→ **Description of the task**:
Below are the records. List every line holding the word "moved".

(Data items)
%%

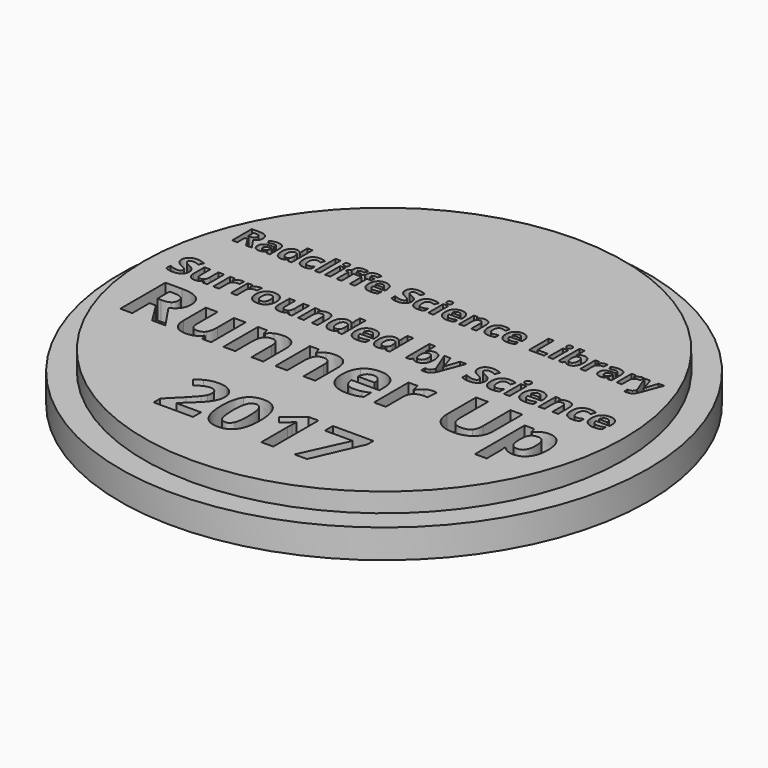
from build123d import *

# Parameters (mm, degrees)
F0_R           = 25
F0_W           = 0.5336082054
F0_H           = 1.9563767784
F0_H_2         = 2.7229136443
F0_W_2         = 0.6023027039
F0_H_3         = 2.2082325786
F1_DEPTH       = 5
F0_R_2         = 27.5
F0_TEXT_SIZE   = 8.2317518782
F0_TEXT_SIZE_2 = 4.0448450209
F0_TEXT_SIZE_3 = 3.583517854
F2_DEPTH       = 3


# Not quite as in the source:
# - Text() gives the source's letters only with a copy of the font that has no kerning and outlines rounded to 1/6400 em; it was checked with that copy


with BuildPart() as f1:
    # F0 (on Top) → F1 (new body)
    with BuildSketch(Plane.XY):
        Circle(F0_R)
        with BuildLine():
            Line((-4.7287555906, -17.9258199967), (-4.7287555906, -18.9715097275))
            Line((-4.7287555906, -18.9715097275), (-8.8369142623, -18.9715097275))
            Line((-8.8369142623, -18.9715097275), (-8.8369142623, -18.1071757803))
            Line((-8.8369142623, -18.1071757803), (-7.3616299804, -16.6164569636))
            add(Edge.make_bspline(
                [(-7.3616299804, -16.6164569636), (-6.7056622526, -15.9450547011), (-6.5050133006, -15.685883138)],
                knots=[0, 0, 0, 1, 1, 1], degree=2))
            add(Edge.make_bspline(
                [(-6.5050133006, -15.685883138), (-6.3043643486, -15.426711575), (-6.2156157736, -15.2054832433)],
                knots=[0, 0, 0, 1, 1, 1], degree=2))
            add(Edge.make_bspline(
                [(-6.2156157736, -15.2054832433), (-6.1268671987, -14.9842549115), (-6.1268671987, -14.747592045)],
                knots=[0, 0, 0, 1, 1, 1], degree=2))
            add(Edge.make_bspline(
                [(-6.1268671987, -14.747592045), (-6.1268671987, -14.3938839565), (-6.3223713058, -14.220888546)],
                knots=[0, 0, 0, 1, 1, 1], degree=2))
            add(Edge.make_bspline(
                [(-6.3223713058, -14.220888546), (-6.5178754129, -14.0478931354), (-6.8432868543, -14.0478931354)],
                knots=[0, 0, 0, 1, 1, 1], degree=2))
            add(Edge.make_bspline(
                [(-6.8432868543, -14.0478931354), (-7.1841328305, -14.0478931354), (-7.5056856383, -14.2048109056)],
                knots=[0, 0, 0, 1, 1, 1], degree=2))
            add(Edge.make_bspline(
                [(-7.5056856383, -14.2048109056), (-7.827238446, -14.3617286758), (-8.1770879008, -14.6511262027)],
                knots=[0, 0, 0, 1, 1, 1], degree=2))
            Line((-8.1770879008, -14.6511262027), (-8.8523487971, -13.8511028171))
            add(Edge.make_bspline(
                [(-8.8523487971, -13.8511028171), (-8.4188956123, -13.4806739825), (-8.133356719, -13.3282579517)],
                knots=[0, 0, 0, 1, 1, 1], degree=2))
            add(Edge.make_bspline(
                [(-8.133356719, -13.3282579517), (-7.8478178257, -13.1758419208), (-7.5101873776, -13.093524402)],
                knots=[0, 0, 0, 1, 1, 1], degree=2))
            add(Edge.make_bspline(
                [(-7.5101873776, -13.093524402), (-7.1725569295, -13.0112068832), (-6.7545382794, -13.0112068832)],
                knots=[0, 0, 0, 1, 1, 1], degree=2))
            add(Edge.make_bspline(
                [(-6.7545382794, -13.0112068832), (-6.2040398725, -13.0112068832), (-5.7821625888, -13.2118558353)],
                knots=[0, 0, 0, 1, 1, 1], degree=2))
            add(Edge.make_bspline(
                [(-5.7821625888, -13.2118558353), (-5.360285305, -13.4125047873), (-5.1268379666, -13.7745732488)],
                knots=[0, 0, 0, 1, 1, 1], degree=2))
            add(Edge.make_bspline(
                [(-5.1268379666, -13.7745732488), (-4.8933906282, -14.1366417103), (-4.8933906282, -14.6022501759)],
                knots=[0, 0, 0, 1, 1, 1], degree=2))
            add(Edge.make_bspline(
                [(-4.8933906282, -14.6022501759), (-4.8933906282, -15.0086929249), (-5.0361600748, -15.3643303303)],
                knots=[0, 0, 0, 1, 1, 1], degree=2))
            add(Edge.make_bspline(
                [(-5.0361600748, -15.3643303303), (-5.1789295215, -15.7199677356), (-5.4786167383, -16.0936120982)],
                knots=[0, 0, 0, 1, 1, 1], degree=2))
            add(Edge.make_bspline(
                [(-5.4786167383, -16.0936120982), (-5.7783039551, -16.4672564608), (-6.5333099477, -17.1592381031)],
                knots=[0, 0, 0, 1, 1, 1], degree=2))
            Line((-6.5333099477, -17.1592381031), (-7.2896021515, -17.8705129138))
            Line((-7.2896021515, -17.8705129138), (-7.2896021515, -17.9258199967))
            Line((-7.2896021515, -17.9258199967), (-4.7287555906, -17.9258199967))
        make_face(mode=Mode.SUBTRACT)
        with BuildLine():
            add(Edge.make_bspline(
                [(-0.5826536876, -13.7739301432), (-0.0623812447, -14.5456568818), (-0.0623812447, -16.033803276)],
                knots=[0, 0, 0, 1, 1, 1], degree=2))
            add(Edge.make_bspline(
                [(-0.0623812447, -16.033803276), (-0.0623812447, -17.5721119082), (-0.5665760472, -18.3123264717)],
                knots=[0, 0, 0, 1, 1, 1], degree=2))
            add(Edge.make_bspline(
                [(-0.5665760472, -18.3123264717), (-1.0707708498, -19.0525410351), (-2.1203192142, -19.0525410351)],
                knots=[0, 0, 0, 1, 1, 1], degree=2))
            add(Edge.make_bspline(
                [(-2.1203192142, -19.0525410351), (-3.1377122979, -19.0525410351), (-3.6541261072, -18.2885315639)],
                knots=[0, 0, 0, 1, 1, 1], degree=2))
            add(Edge.make_bspline(
                [(-3.6541261072, -18.2885315639), (-4.1705399164, -17.5245220927), (-4.1705399164, -16.033803276)],
                knots=[0, 0, 0, 1, 1, 1], degree=2))
            add(Edge.make_bspline(
                [(-4.1705399164, -16.033803276), (-4.1705399164, -14.4774876865), (-3.6676313251, -13.7398455456)],
                knots=[0, 0, 0, 1, 1, 1], degree=2))
            add(Edge.make_bspline(
                [(-3.6676313251, -13.7398455456), (-3.1647227338, -13.0022034046), (-2.1203192142, -13.0022034046)],
                knots=[0, 0, 0, 1, 1, 1], degree=2))
            add(Edge.make_bspline(
                [(-2.1203192142, -13.0022034046), (-1.1029261306, -13.0022034046), (-0.5826536876, -13.7739301432)],
                knots=[0, 0, 0, 1, 1, 1], degree=2))
        make_face(mode=Mode.SUBTRACT)
        with BuildLine():
            Line((-19.3516910754, -5.5215988853), (-20.0140898594, -5.5215988853))
            Line((-20.0140898594, -5.5215988853), (-20.0140898594, -7.7763271732))
            Line((-20.0140898594, -7.7763271732), (-21.2604285422, -7.7763271732))
            Line((-21.2604285422, -7.7763271732), (-21.2604285422, -1.899628059))
            Line((-21.2604285422, -1.899628059), (-19.5484813938, -1.899628059))
            add(Edge.make_bspline(
                [(-19.5484813938, -1.899628059), (-18.3497325265, -1.899628059), (-17.7754392119, -2.3356536662)],
                knots=[0, 0, 0, 1, 1, 1], degree=2))
            add(Edge.make_bspline(
                [(-17.7754392119, -2.3356536662), (-17.2011458973, -2.7716792735), (-17.2011458973, -3.6604512341)],
                knots=[0, 0, 0, 1, 1, 1], degree=2))
            add(Edge.make_bspline(
                [(-17.2011458973, -3.6604512341), (-17.2011458973, -4.1787943602), (-17.4860416849, -4.5826646867)],
                knots=[0, 0, 0, 1, 1, 1], degree=2))
            add(Edge.make_bspline(
                [(-17.4860416849, -4.5826646867), (-17.7709374726, -4.9865350133), (-18.2944254436, -5.2154806124)],
                knots=[0, 0, 0, 1, 1, 1], degree=2))
            add(Edge.make_bspline(
                [(-18.2944254436, -5.2154806124), (-16.9670554532, -7.1975321193), (-16.5657575492, -7.7763271732)],
                knots=[0, 0, 0, 1, 1, 1], degree=2))
            Line((-16.5657575492, -7.7763271732), (-17.9484346225, -7.7763271732))
            Line((-17.9484346225, -7.7763271732), (-19.3516910754, -5.5215988853))
        make_face(mode=Mode.SUBTRACT)
        with BuildLine():
            Line((-11.7990587272, -7.7763271732), (-12.7392791371, -7.7763271732))
            Line((-12.7392791371, -7.7763271732), (-12.9039141746, -7.201390753))
            Line((-12.9039141746, -7.201390753), (-12.9682247362, -7.201390753))
            add(Edge.make_bspline(
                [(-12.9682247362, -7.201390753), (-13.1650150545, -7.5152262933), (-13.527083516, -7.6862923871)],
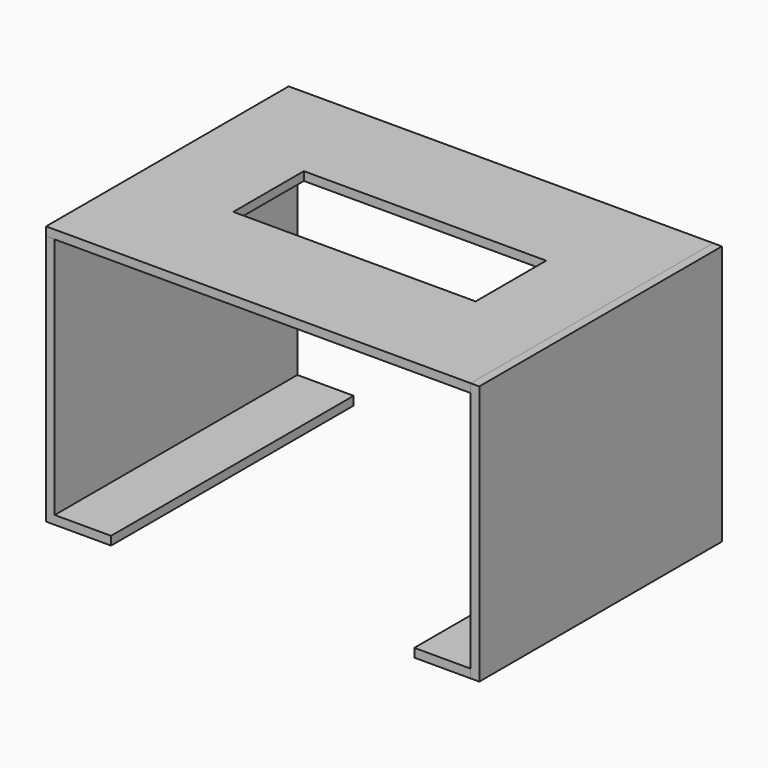
from build123d import *

# Parameters (mm, degrees)
F1_E0_W  = 15
F1_E0_H  = 70
F2_DEPTH = 2
F1_E4_W  = 15
F1_E4_H  = 70
F1_E1_W  = 60
F1_E1_H  = 70
F3_DEPTH = 2
F1_E2_W  = 100
F1_E2_H  = 70
F4_DEPTH = 2
F1_E3_W  = 60
F1_E3_H  = 70
F5_DEPTH = 2
F6_W     = 55.9396576136
F6_H     = 20.3663799912
F7_DEPTH = 30.9466302677


with BuildPart() as f2:
    # F1_E0 (on explicit) → F2 (new body)
    with BuildSketch(Plane(origin=(-37.1421206879, 35, -29.0543697323), x_dir=(-1, 0, 0), z_dir=(0, 0, 1))):
        with Locations((7.5, 35)):
            Rectangle(F1_E0_W, F1_E0_H)
    extrude(amount=F2_DEPTH)

    # F1_E1 (on explicit) → F3 (join)
    with BuildSketch(Plane(origin=(-52.1421206879, 35, -29.0543697323), x_dir=(0, 0, 1), z_dir=(1, 0, 0))):
        with Locations((30, 35)):
            Rectangle(F1_E1_W, F1_E1_H)
    extrude(amount=F3_DEPTH)


with BuildPart() as f2b:
    # F1_E4 (on explicit) → F2, piece 2 (new body)
    with BuildSketch(Plane(origin=(47.8578793121, 35, -29.0543697323), x_dir=(-1, 0, 0), z_dir=(0, 0, 1))):
        with Locations((7.5, 35)):
            Rectangle(F1_E4_W, F1_E4_H)
    extrude(amount=F2_DEPTH)


with BuildPart() as f4:
    # F1_E2 (on explicit) → F4 (new body)
    with BuildSketch(Plane(origin=(-52.1421206879, 35, 30.9456302677), x_dir=(1, 0, 0), z_dir=(0, 0, -1))):
        with Locations((50, 35)):
            Rectangle(F1_E2_W, F1_E2_H)
    extrude(amount=F4_DEPTH)

    # F6 (on Top) → F7 (cut, through all)
    with BuildSketch(Plane.XY):
        with Locations((-1.357759349, 0.6788792089)):
            Rectangle(F6_W, F6_H)
    extrude(amount=F7_DEPTH, mode=Mode.SUBTRACT)


with BuildPart() as f5:
    # F1_E3 (on explicit) → F5 (new body)
    with BuildSketch(Plane(origin=(47.8578793121, 35, 30.9456302677), x_dir=(0, 0, -1), z_dir=(-1, 0, 0))):
        with Locations((30, 35)):
            Rectangle(F1_E3_W, F1_E3_H)
    extrude(amount=F5_DEPTH)


solid = Compound([f2.part, f2b.part, f4.part, f5.part])
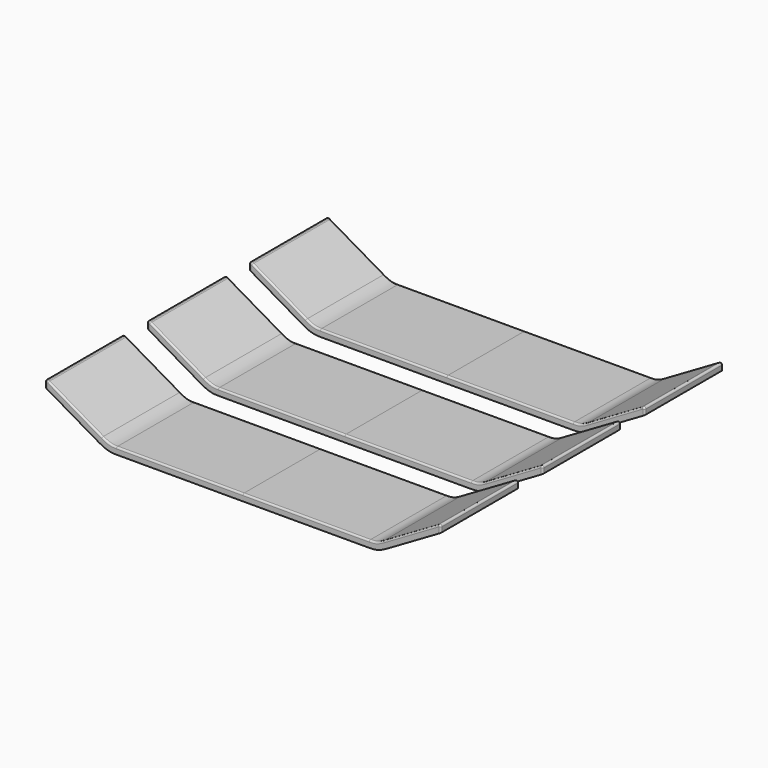
from build123d import *

# Parameters (mm, degrees)
F1_DEPTH = 146.05
F2_R     = 2.54


with BuildPart() as f1:
    # F0 (on Front) → F1 (new body)
    with BuildSketch(Plane.XZ):
        with BuildLine():
            Line((1.5943159571, 65.9026825806), (1.5943159571, 54.15516499))
            Line((1.5943159571, 54.15516499), (81.9025710225, 7.5405244716))
            add(Edge.make_bspline(
                [(81.9025710225, 7.5405244716), (92.2999233007, 1.5054497635), (98.6241698265, 0), (108.1725358963, 0)],
                knots=[0, 0, 0, 0, 27.3307622246, 27.3307622246, 27.3307622246, 27.3307622246], degree=3))
            Line((108.1725358963, 0), (113.0361670146, -2.841e-07))
            Line((113.0361670146, -2.841e-07), (138.4361670146, -1.768e-06))
            Line((138.4361670146, -1.768e-06), (297.1861670146, -1.10422e-05))
            Line((297.1861670146, -1.10422e-05), (297.1800001915, 10.1599889582))
            Line((297.1800001915, 10.1599889582), (108.1725311829, 10.16))
            add(Edge.make_bspline(
                [(87.0029645505, 16.3275368114), (88.1885538875, 15.6393696743), (90.3942484594, 14.4210715514), (93.2713691382, 13.0231304302), (95.7978416249, 11.994384017), (98.0869107324, 11.2602812726), (100.2922847586, 10.7469020057), (102.5915460742, 10.4019914085), (105.1499671195, 10.2020688941), (107.1124775165, 10.1600000624), (108.1725311829, 10.16)],
                knots=[7.897e-07, 7.897e-07, 7.897e-07, 7.897e-07, 0.125, 0.25, 0.375, 0.5, 0.625, 0.75, 0.875, 0.9999998147, 0.9999998147, 0.9999998147, 0.9999998147], degree=3))
            Line((87.0029645505, 16.3275368113), (6.6947068499, 62.9421788594))
            Line((6.6947068499, 62.9421788594), (1.5943159571, 65.9026825806))
        make_face()
    extrude(amount=F1_DEPTH)

    # F2
    f2_edges = [f1.edges().sort_by_distance(p)[0] for p in [
        (202.676266, 0, 10.159994),
        (97.116174, 0, 11.580578),
        (44.29864, 0, 41.11511),
        (1.594316, -73.025, 65.902683),
        (44.29864, -146.05, 41.11511),
        (97.116174, -146.05, 11.580578),
        (202.676266, -146.05, 10.159994),
        (1.594316, -146.05, 60.028924),
        (1.594316, 0, 60.028924),
    ]]
    fillet(f2_edges, radius=F2_R)

    # F3: F1 across face


with BuildPart() as f1_1:
    add(f1.part)
    add(f1.part.mirror(Plane(origin=(297.1830887239, -73.025, 5.0715521532), x_dir=(0, 1, 0), z_dir=(0.9999998158, 0, 0.0006069707))))


with BuildPart() as f4_1:
    # F4: copy of F1
    add(f1_1.part.moved(Location((0, 190.5, 0))))


with BuildPart() as f5_1:
    # F5: copy of F4_1
    add(f4_1.part.moved(Location((0, 190.5, 0))))


solid = Compound([f1_1.part, f4_1.part, f5_1.part])

%%

→ **Your solution**:
    add(f1_1.part.moved(Location((0, 190.5, 0))))
    add(f4_1.part.moved(Location((0, 190.5, 0))))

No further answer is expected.